Entries taken from a collection
────────

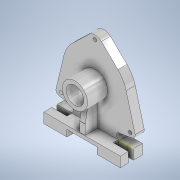
# Autodesk Inventor part: COMPRESSOR 1
Saved by Autodesk Inventor 2022 (Build 260153000, 153)
## iProperties
Created: 2023-06-16
Part Number: COMPRESSOR 1
Material: Aluminum 6061-AHC
Document SubType Name: Modeling
Designer: SENAI
Density: 2.7 g/cm^3
Appearance: Aluminum - Dark
Author: SENAI
Autodesk Inventor part; units mm, degrees
ref_plane "YZ Plane" through (0, 0, 0) normal (1, 0, 0) x (0, 1, 0)
ref_plane "XZ Plane" through (0, 0, 0) normal (0, 1, 0) x (-1, 0, 0)
ref_plane "XY Plane" through (0, 0, 0) normal (0, 0, 1) x (1, 0, 0)
sketch "Sketch1" plane through (0, 0, 0) normal (0, 0, 1) x (1, 0, 0)
  line L0 (0, 0) -> (46, 0)
  line L1 (46, 0) -> (46, 13)
  line L2 (46, 13) -> (106, 13)
  line L3 (106, 13) -> (106, 0)
  line L4 (106, 0) -> (152, 0)
  line L5 (152, 0) -> (152, 20)
  line L6 (152, 20) -> (119, 20)
  line L7 (119, 20) -> (119, 32)
  line L8 (0, 0) -> (0, 20)
  line L9 (0, 20) -> (33, 20)
  line L10 (33, 20) -> (33, 32)
  arc A0 (88.5182, 172.6658) -> (60.9434, 169.5955) centre (76, 159.7315) ccw
  line L11 (88.5182, 172.6658) -> (121.3723, 140.8686)
  arc A1 (-1.0837, 48.545) -> (6.2613, 36.9223) centre (6.0476, 44.9195) ccw
  arc A2 (149, 37.0296) -> (155.0632, 47.9932) centre (147.6772, 44.9195) ccw
  line L12 (60.9434, 169.5955) -> (30.6277, 140.8686)
  line L13 (33, 32) -> (3, 37.5227)
  line L14 (119, 32) -> (149, 37.0296)
  line L15 (155.6101, 45.954) -> (137.729, 112.6291)
  line L16 (-1.9524, 44.9195) -> (14.271, 112.6291)
  arc A3 (137.9006, 111.9892) -> (119.6299, 142.555) centre (76, 95.7315) ccw
  arc A4 (33.3683, 143.4655) -> (13.316, 108.6436) centre (76, 95.7315) ccw
  point P0 (76, 13)
  dimension "d5" = 46
  dimension "d6" = 13
  dimension "d7" = 60
  dimension "d8" = 46
  dimension "d9" = 20
  dimension "d10" = 33
  dimension "d11" = 12
  dimension "d12" = 33
  dimension "d13" = 12
  dimension "d15" = 36
  dimension "d22" = 16
  dimension "d23" = 16
  dimension "d24" = 30
  dimension "d25" = 30
  dimension "d42" = 86
  constraints: 34 end point, 17 point on circle, 9 point on line, 7 perpendicular, 5 centre point, 2 tangent, 2 vertical, 2 vertical alignment, 1 horizontal, 1 horizontal alignment, 1 midpoint
  measures "d5" distance of L0.start L0.end
  measures "d6" distance of L0.end L1.end
  measures "d7" distance of L1.end L2.end
  measures "d8" distance of L3.end L4.end
  measures "d9" distance of L4.end L5.end
  measures "d10" distance of L5.end L6.end
  measures "d11" distance of L6.end L7.end
  measures "d12" distance of L8.end L9.end
  measures "d13" distance of L9.end L10.end
  measures "d15" diameter of A0
  measures "d22" diameter of A1
  measures "d23" diameter of A2
  measures "d24" horizontal distance of L13.end L10.end
  measures "d25" horizontal distance of L14.end L7.end
  measures "d42" distance of L6.end L9.end
extrude "Extrusion1" add sketch "Sketch1" against normal blind 18 contours L8 L9 L10 L13 A1 L16 A4 L12 A0 L11 A3 L15 A2 L14 L7 L6 L5 L4 L3 L2 L1 L0
sketch "Sketch2" plane through (46, 0, 0) normal (1, 0, 0) x (0, 0, -1)
  point P0 (0, 0)
sketch "Sketch3" plane through (0, 0, 0) normal (0, 0, 1) x (1, 0, 0)
  line L0 (119, 20) -> (152, 20) projected
  line L1 (0, 20) -> (152, 20)
  line L2 (152, 20) -> (152, 0) projected
  line L3 (152, 20) -> (152, 0)
  line L4 (152, 0) -> (106, 0) projected
  line L5 (152, 0) -> (106, 0)
  line L6 (106, 0) -> (106, 13) projected
  line L7 (106, 0) -> (106, 13)
  line L8 (106, 13) -> (46, 13) projected
  line L9 (106, 13) -> (46, 13)
  line L10 (46, 13) -> (46, 0) projected
  line L11 (46, 13) -> (46, 0)
  line L12 (46, 0) -> (0, 0) projected
  line L13 (46, 0) -> (0, 0)
  line L14 (0, 0) -> (0, 20)
  constraints: 16 end point, 5 collinear, 3 perpendicular
extrude "Extrusion2" add sketch "Sketch3" along normal blind 26
sketch "Sketch4" plane through (33, 20, 0) normal (0, 1, 0) x (1, 0, 0)
  point P0 (-33, 0)
sketch "Sketch5" plane through (152, 0, -18) normal (1, 0, 0) x (0, 0, -1)
  line L0 (0, 0) -> (-44, 0) projected
  line L1 (-28, 0) -> (-28, 20)
  line L2 (0, 20) -> (-44, 20) projected
  line L3 (-28, 20) -> (-18, 20)
  line L4 (-18, 20) -> (-18, 0)
  dimension "d32" = 16
  dimension "d33" = 10
  constraints: 6 end point, 3 point on line, 1 perpendicular
  measures "d32" distance of L0.end L1.start
  measures "d33" distance of L1.end L3.end
extrude "Extrusion3" cut sketch "Sketch5" against normal blind 30
sketch "Sketch6" plane through (0, 0, 0) normal (0, 0, 1) x (1, 0, 0)
  line L0 (119, 20) -> (152, 20) projected
  point P0 (0, 0)
fillet "Fillet1" radius 4 1 edges at (119, 32, -9)
fillet "Fillet2" radius 6 1 edges at (119, 20, -9)
sketch "Sketch7" plane through (0, 0, -18) normal (-1, 0, 0) x (0, 0, 1)
  line L0 (0, 0) -> (44, 0) projected
  line L1 (18, 0) -> (18, 20)
  line L2 (18, 20) -> (0, 20) projected
  line L3 (18, 20) -> (28, 20)
  line L4 (0, 20) -> (44, 20) projected
  line L5 (28, 20) -> (28, 0)
  dimension "d38" = 18
  dimension "d39" = 10
  constraints: 6 end point, 4 point on line, 1 perpendicular, 1 vertical
  measures "d38" distance of L1.start L0.start
  measures "d39" distance of L2.start L3.end
extrude "Extrusion4" cut sketch "Sketch7" against normal blind 30
sketch "Sketch8" plane through (0, 0, 0) normal (0, 0, 1) x (1, 0, 0)
  point P0 (0, 0)
fillet "Fillet3" radius 8 1 edges at (33, 20, -9)
fillet "Fillet4" radius 2 1 edges at (33, 32, -9)
sketch "Sketch9" plane through (0, 0, 0) normal (0, 0, 1) x (1, 0, 0)
  line L0 (46, 13) -> (106, 13) projected
  arc A0 (88.5182, 172.6658) -> (60.9434, 169.5955) centre (76, 159.7315) ccw projected
  line L1 (76, 68) -> (76, 20)
  line L2 (30, 20) -> (122, 20) projected
  line L3 (76, 20) -> (81.5, 20)
  line L4 (81.5, 20) -> (81.5, 68.6125)
  line L5 (76, 20) -> (70.5, 20)
  line L6 (70.5, 20) -> (70.5, 68.6125)
  line L7 (70.5, 68.6125) -> (81.5, 68.6125)
  point P0 (0, 0)
  point P1 (76, 13)
  point P2 (76, 13)
  point P3 (76, 13)
  point P4 (74.0081, 177.621)
  dimension "d47" = 164.621
  dimension "d49" = 5.5
  dimension "d50" = 5.5
  dimension "d51" = 48
  constraints: 12 end point, 4 midpoint, 2 perpendicular, 2 point on line, 1 horizontal, 1 point on circle
  measures "d47" vertical distance of point (76, 13) point (74.008, 177.621)
  measures "d49" distance of L1.end L3.end
  measures "d50" distance of L1.end L5.end
  measures "d51" distance of L1.start L1.end
extrude "Extrusion5" add sketch "Sketch9" along normal blind 25
sketch "Sketch10" plane through (0, 0, 0) normal (0, 0, 1) x (1, 0, 0)
  circle A0 centre (76, 169.6287) radius 3.5
  circle A1 centre (145.9486, 44.6297) radius 3.5
  circle A2 centre (8.5813, 44.6297) radius 3.5
  line L0 (81.5, 68.6125) -> (70.5, 68.6125) projected
  line L1 (122.3386, 32.5597) -> (149, 37.0296) projected
  line L2 (3, 37.5227) -> (31.3621, 32.3015) projected
  point P0 (0, 0)
  point P1 (76, 68.6125)
  dimension "d55" = 7
  dimension "d56" = 7
  dimension "d57" = 7
  dimension "d78" = 8
  dimension "d79" = 8
  constraints: 3 centre point, 1 horizontal alignment, 1 midpoint
  measures "d55" diameter of A0
  measures "d56" diameter of A1
  measures "d57" diameter of A2
  measures "d78" distance from line of L1 A1.centre
  measures "d79" distance from line of L2 A2.centre
extrude "Extrusion6" cut sketch "Sketch10" against normal blind 25
sketch "Sketch11" plane through (0, 0, 0) normal (0, 0, 1) x (1, 0, 0)
  circle A0 centre (75.9727, 93.6125) radius 25
  line L0 (81.5, 68.6125) -> (70.5, 68.6125) projected
  point P0 (0, 0)
  point P1 (76, 68.6125)
  dimension "d61" = 50
  dimension "d62" = 25
  constraints: 1 centre point, 1 midpoint
  measures "d61" diameter of A0
  measures "d62" distance of point (76, 68.613) A0.centre
extrude "Extrusion7" add sketch "Sketch11" along normal blind 40
sketch "Sketch12" plane through (75.9727, 93.6125, 40) normal (0, 0, 1) x (1, 0, 0)
  circle A0 centre (0, 0) radius 17.5
  point P0 (-75.9727, -93.6125)
  dimension "d65" = 35
  constraints: 1 centre point
  measures "d65" diameter of A0
extrude "Extrusion8" cut sketch "Sketch12" against normal blind 117.25
sketch "Sketch13" plane through (81.5, 20, 0) normal (1, 0, 0) x (0, 0, -1)
  line L0 (0, 48.6125) -> (-40, 48.6125) projected
  line L1 (-20, 48.6125) -> (-25, 19.3522)
  line L2 (-25, 48.6125) -> (-25, 0) projected
  line L3 (0, 48.6125) -> (-25, 48.6125) projected
  line L4 (-20, 48.6125) -> (-25, 48.6125)
  line L5 (-25, 48.6125) -> (-25, 19.3522)
  point P0 (0, -20)
  dimension "d68" = 29.2603
  constraints: 6 end point, 1 collinear, 1 midpoint, 1 perpendicular, 1 point on line
  measures "d68" vertical distance of L1.start L1.end
extrude "Extrusion9" cut sketch "Sketch13" against normal blind 15
fillet "Fillet5" radius 4 1 edges at (76, 39.3522, 25)
sketch "Sketch14" plane through (0, 0, 0) normal (0, 0, 1) x (1, 0, 0)
  circle A0 centre (75.9727, 93.6125) radius 25 projected
  arc A1 (70.3554, 69.2518) -> (81.5123, 69.234) centre (75.9727, 93.6125) ccw
  line L0 (70.5, 68.6125) -> (70.3554, 69.2518)
  line L1 (70.4332, 69.234) -> (70.3554, 69.2518)
  line L2 (70.5, 68.6125) -> (75.9727, 68.6125) projected
  line L3 (70.5, 68.6125) -> (75.9727, 68.6125)
  line L4 (70.5, 68.6125) -> (75.9727, 68.6125)
  point P0 (0, 0)
  point P1 (70.4277, 68.9321)
  dimension "d72" = 25.2956
  constraints: 8 end point, 7 point on circle, 1 centre point, 1 collinear, 1 midpoint, 1 tangent
  measures "d72" distance of A0.centre point (70.428, 68.932)
extrude "Extrusion10" add sketch "Sketch14" along normal blind 20 contours A0 L2 L0
sketch "Sketch15" plane through (0, 0, 0) normal (0, 0, 1) x (1, 0, 0)
  line L0 (81.5, 68.6125) -> (81.5, 39.6866) projected
  line L1 (81.5, 68.6125) -> (81.5901, 69.2518)
  arc A0 (75.9727, 68.6125) -> (70.3554, 69.2518) centre (75.9727, 93.6125) ccw projected
  line L2 (75.9727, 68.6125) -> (81.5, 68.6125) projected
  arc A1 (75.9727, 68.6125) -> (81.5901, 69.2518) centre (75.9727, 93.6125) ccw
  line L3 (81.5, 68.6125) -> (75.9727, 68.6125)
  point P0 (0, 0)
  point P1 (81.545, 68.9321)
  dimension "d75" = 0.3196
  constraints: 4 end point, 3 point on circle, 1 centre point, 1 collinear, 1 concentric, 1 midpoint, 1 tangent
  measures "d75" distance from line of L2 point (81.545, 68.932)
extrude "Extrusion11" add sketch "Sketch15" along normal blind 20
body "Solid1"
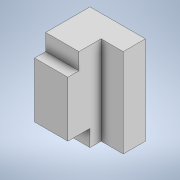
# Autodesk Inventor part: Martin-Probst-26673_obrazek_1
Saved by Autodesk Inventor 2021 (Build 250183000, 183)
## iProperties
Created: 2022-03-18
Part Number: Martin-Probst-26673_obrazek_1
Material: Všeobecné
Document SubType Name: Modeling
Designer: 26673
Density: 1 g/cm^3
Appearance: Výchozí
Author: 26673
Autodesk Inventor part; units mm, degrees
ref_plane "YZ Plane" through (0, 0, 0) normal (1, 0, 0) x (0, 1, 0)
ref_plane "XZ Plane" through (0, 0, 0) normal (0, 1, 0) x (-1, 0, 0)
ref_plane "XY Plane" through (0, 0, 0) normal (0, 0, 1) x (1, 0, 0)
sketch "Náčrt1" plane through (0, 0, 0) normal (1, 0, 0) x (0, 1, 0)
  line L0 (0, 0) -> (0, -50)
  line L1 (0, -50) -> (80, -50)
  line L2 (80, -50) -> (80, 0)
  line L3 (80, 0) -> (0, 0)
  dimension "d0" = 50
  dimension "d1" = 80
  dimension "d2" = 50
  constraints: 8 end point, 2 perpendicular, 1 vertical
  measures "d0" distance of L0.start L0.end
  measures "d1" distance of L0.end L1.end
  measures "d2" distance of L1.end L2.end
extrude "Vysunutí1" add sketch "Náčrt1" along normal blind 50
sketch "Náčrt2" plane through (50, 0, 0) normal (1, 0, 0) x (0, 0, -1)
  line L0 (0, 0) -> (20, 0)
  line L1 (0, 0) -> (50, 0) projected
  line L2 (20, 0) -> (20, 15)
  line L3 (20, 15) -> (0, 15)
  line L4 (0, 80) -> (0, 0) projected
  line L5 (0, 0) -> (0, 15)
  line L6 (0, 80) -> (10, 80)
  line L7 (50, 80) -> (0, 80) projected
  line L8 (10, 80) -> (10, 65)
  line L9 (10, 65) -> (0, 65)
  line L10 (0, 80) -> (0, 65)
  dimension "d5" = 20
  dimension "d6" = 15
  dimension "d7" = 10
  dimension "d8" = 15
  constraints: 16 end point, 4 point on line, 3 perpendicular, 2 vertical, 1 collinear
  measures "d5" distance of L0.start L0.end
  measures "d6" distance of L0.end L2.end
  measures "d7" distance of L4.start L6.end
  measures "d8" distance of L6.end L8.end
extrude "Vysunutí2" cut sketch "Náčrt2" against normal blind 50
sketch "Náčrt3" plane through (50, 0, 0) normal (1, 0, 0) x (0, 0, -1)
  line L0 (20, 0) -> (50, 0) projected
  line L1 (50, 0) -> (30, 0)
  line L2 (30, 0) -> (30, 80)
  line L3 (50, 80) -> (10, 80) projected
  line L4 (10, 80) -> (10, 65) projected
  line L5 (30, 80) -> (10, 80)
  line L6 (10, 80) -> (10, 65)
  line L7 (10, 65) -> (0, 65) projected
  line L8 (10, 65) -> (0, 65)
  line L9 (0, 15) -> (20, 15) projected
  line L10 (0, 65) -> (0, 15)
  line L11 (0, 15) -> (20, 15)
  line L12 (20, 15) -> (20, 0) projected
  line L13 (20, 15) -> (20, 0)
  line L14 (20, 0) -> (30, 0)
  point P0 (0, 0)
  dimension "d11" = 20
  constraints: 18 end point, 5 perpendicular, 1 collinear, 1 horizontal, 1 midpoint, 1 point on line
  measures "d11" distance of L0.end L1.end
extrude "Vysunutí3" cut sketch "Náčrt3" against normal blind 20

────────

→ **Try it**
In the entries above, please find the line with "of L0.end L1.start" and the line with "line L6 (70.5, 20) -> (70.5, 68.6125)", then write out exactly those two lines and every line between them, and nothing more.

→ **Solution to this exercise**
  measures "d32" distance of L0.end L1.start
  measures "d33" distance of L1.end L3.end
extrude "Extrusion3" cut sketch "Sketch5" against normal blind 30
sketch "Sketch6" plane through (0, 0, 0) normal (0, 0, 1) x (1, 0, 0)
  line L0 (119, 20) -> (152, 20) projected
  point P0 (0, 0)
fillet "Fillet1" radius 4 1 edges at (119, 32, -9)
fillet "Fillet2" radius 6 1 edges at (119, 20, -9)
sketch "Sketch7" plane through (0, 0, -18) normal (-1, 0, 0) x (0, 0, 1)
  line L0 (0, 0) -> (44, 0) projected
  line L1 (18, 0) -> (18, 20)
  line L2 (18, 20) -> (0, 20) projected
  line L3 (18, 20) -> (28, 20)
  line L4 (0, 20) -> (44, 20) projected
  line L5 (28, 20) -> (28, 0)
  dimension "d38" = 18
  dimension "d39" = 10
  constraints: 6 end point, 4 point on line, 1 perpendicular, 1 vertical
  measures "d38" distance of L1.start L0.start
  measures "d39" distance of L2.start L3.end
extrude "Extrusion4" cut sketch "Sketch7" against normal blind 30
sketch "Sketch8" plane through (0, 0, 0) normal (0, 0, 1) x (1, 0, 0)
  point P0 (0, 0)
fillet "Fillet3" radius 8 1 edges at (33, 20, -9)
fillet "Fillet4" radius 2 1 edges at (33, 32, -9)
sketch "Sketch9" plane through (0, 0, 0) normal (0, 0, 1) x (1, 0, 0)
  line L0 (46, 13) -> (106, 13) projected
  arc A0 (88.5182, 172.6658) -> (60.9434, 169.5955) centre (76, 159.7315) ccw projected
  line L1 (76, 68) -> (76, 20)
  line L2 (30, 20) -> (122, 20) projected
  line L3 (76, 20) -> (81.5, 20)
  line L4 (81.5, 20) -> (81.5, 68.6125)
  line L5 (76, 20) -> (70.5, 20)
  line L6 (70.5, 20) -> (70.5, 68.6125)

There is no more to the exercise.